Avis d'invasion de moustaches touffues sur les petits écrans. La raison ? La multiplication de séries situées dans les années 80. Entre les «anciennes» The Americans, Halt and Catch Fire, et les petites nouvelles Show me a Hero (minisérie de David Simon sur HBO) ou Narcos, la décennie des épaulettes et des rideaux à fleurs est à l'honneur. Probablement parce que beaucoup de scénaristes en activité aujourd'hui sont des quadras qui revisitent ainsi le complexe contexte de leur enfance. Et aussi parce qu'y éclorent quelques petites choses qui servirent de creuset à notre présent : fin de la guerre froide, naissance d'Internet ou de la politique moderne, et essor exponentiel du trafic de drogue venu d'Amérique du Sud.

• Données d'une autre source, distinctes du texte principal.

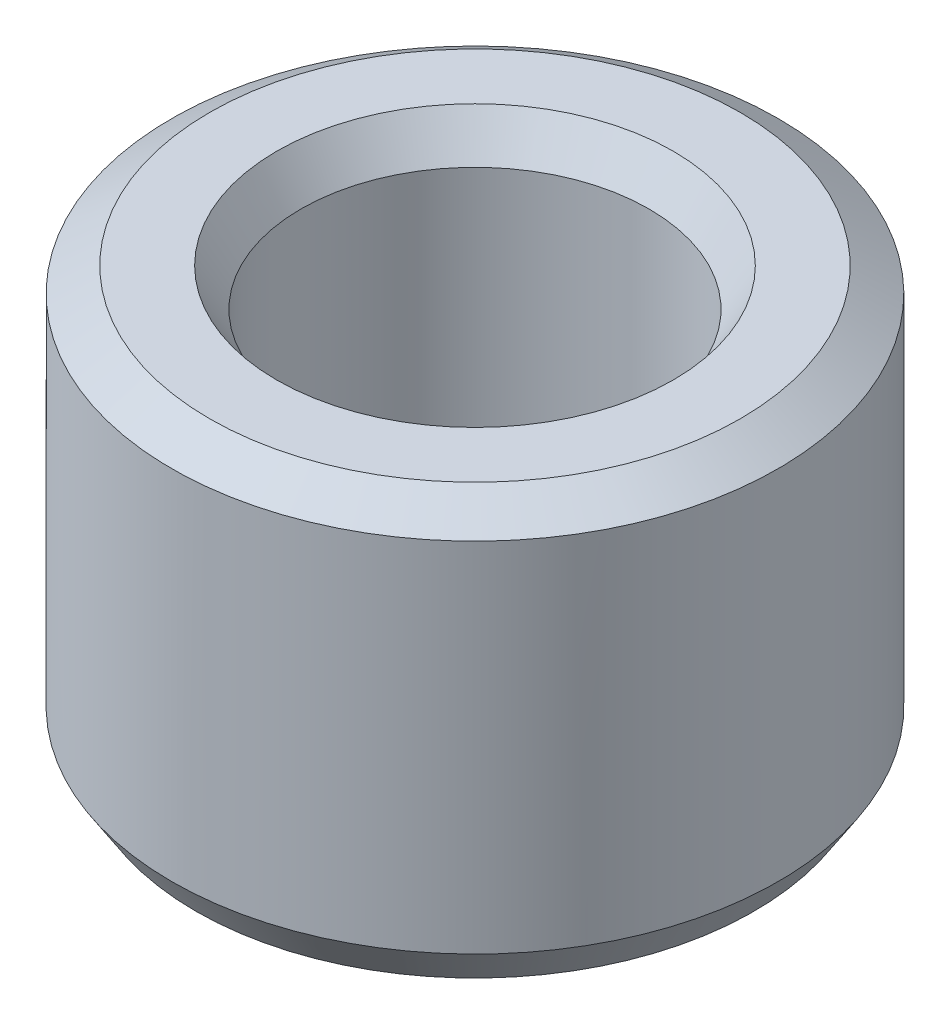
from build123d import *
from OCP.BRepFilletAPI import BRepFilletAPI_MakeChamfer

# Parameters (mm, degrees)
SKETCH1_R           = 37.5
BOSS_EXTRUDE1_DEPTH = 51.907252351
SKETCH2_R           = 21.517397886
CUT_EXTRUDE1_DEPTH  = 75.208239749
CHAMFER1_SIZE       = 2.998359242
CHAMFER1_SIZE2      = 4.687826308


with BuildPart() as part:
    # Sketch1 → Boss-Extrude1 (new body)
    with BuildSketch(Plane(origin=(0, 0, 0), x_dir=(1, 0, 0), z_dir=(0, 1, 0))):
        Circle(SKETCH1_R)
    extrude(amount=BOSS_EXTRUDE1_DEPTH)

    # Sketch2 → Cut-Extrude1 (cut, through all)
    with BuildSketch(Plane(origin=(0, 0, 0), x_dir=(1, 0, 0), z_dir=(0, 1, 0))):
        Circle(SKETCH2_R)
    extrude(amount=CUT_EXTRUDE1_DEPTH, mode=Mode.SUBTRACT)

    # Chamfer1: one chamfer whose edges measure the first distance from different faces: ONE call of the kernel's chamfer builder (chamfer() names one face for all edges)
    chamfer1_edges_1 = [part.edges().sort_by_distance(p)[0] for p in [
        (-21.517397886, 51.907252351, 0),
    ]]
    chamfer1_side_1 = [part.faces().sort_by_distance(p)[0] for p in [
        (-36.439339828, 51.907252351, 0),
    ]]
    chamfer1_edges_2 = [part.edges().sort_by_distance(p)[0] for p in [
        (-21.517397886, 0, 0),
    ]]
    chamfer1_side_2 = [part.faces().sort_by_distance(p)[0] for p in [
        (-21.517397886, 25.953626176, 0),
    ]]
    chamfer1_edges_3 = [part.edges().sort_by_distance(p)[0] for p in [
        (-37.5, 0, 0),
    ]]
    chamfer1_side_3 = [part.faces().sort_by_distance(p)[0] for p in [
        (-36.439339828, 0, 0),
    ]]
    chamfer1_edges_4 = [part.edges().sort_by_distance(p)[0] for p in [
        (-37.5, 51.907252351, 0),
    ]]
    chamfer1_side_4 = [part.faces().sort_by_distance(p)[0] for p in [
        (-37.5, 25.953626176, 0),
    ]]
    chamfer1 = BRepFilletAPI_MakeChamfer(part.part.solid().wrapped)
    for e in chamfer1_edges_1:
        chamfer1.Add(CHAMFER1_SIZE, CHAMFER1_SIZE2, e.wrapped, chamfer1_side_1[0].wrapped)  # the first distance lies on this face
    for e in chamfer1_edges_2:
        chamfer1.Add(CHAMFER1_SIZE, CHAMFER1_SIZE2, e.wrapped, chamfer1_side_2[0].wrapped)  # the first distance lies on this face
    for e in chamfer1_edges_3:
        chamfer1.Add(CHAMFER1_SIZE, CHAMFER1_SIZE2, e.wrapped, chamfer1_side_3[0].wrapped)  # the first distance lies on this face
    for e in chamfer1_edges_4:
        chamfer1.Add(CHAMFER1_SIZE, CHAMFER1_SIZE2, e.wrapped, chamfer1_side_4[0].wrapped)  # the first distance lies on this face
    add(Compound.cast(chamfer1.Shape()), mode=Mode.REPLACE)


solid = part.part

Le projet de Narcos est ultra-ambitieux : il s'agira de balayer, sur plusieurs saisons (quatre ou cinq), la naissance des trafics de cocaïne et leur transformation en empires violents et tout puissants. Pour la première saison, le créateur de la série Chris Brancato et son équipe se sont concentrés sur la Colombie, bien sûr, et celui qui a inventé dans la démesure la figure du narcotrafiquant : Pablo Escobar et le cartel de Medellín.
Sous les traits (et la moustache, donc) du potelé Wagner Moura, Escobar surplombe Narcos avec une sauvagerie tranquille et un brin de naïveté (songeant même à une carrière politique), et ses coups de force comme ses caprices dictent le rythme trépidant de la série. Le criminel le plus riche du monde (son empire rapporte, à la fin des années 80, 60 millions de dollars par jour) est du genre à admirer ses hérons de l'Himalaya en fumant un petit joint le soir, ce qui le détend après avoir commandité le meurtre d'un candidat à la présidentielle.
Cette figure terrifiante, et néanmoins charismatique, fait évidemment un peu d’ombre au reste. Les deux Starsky et Hutch de la lutte antidrogue qui le traquent sans relâche -le brun Mexicain Javier Peña (Pedro Pascal) et le blond Américain Steve Murphy (Boyd Holbrook) - ont plus de mal à exister pleinement, même s’ils sont jolis à regarder avec leurs blousons en cuir gold et leur air de star du pornos à papa. Mais le blondinet se rattrape de sa relative fadeur à l’écran par le récit en voix off qu’il incarne avec beaucoup de trempe, narrant sur un ton badin et insolent la pesanteur objective du réel.
Ce réel pourtant, Narcos ne l'oublie jamais : des images d'archives, JT relatant tel ou tel attentat ou interviews de certains protagonistes, ponctuent ça et là les épisodes, procurant à l'ensemble un effet très efficace. Ce qui devrait nous éloigner de la fiction nous y plonge davantage, et la greffe entre documentaire et romanesque prend. Et de là, s'élance un vertige palpitant.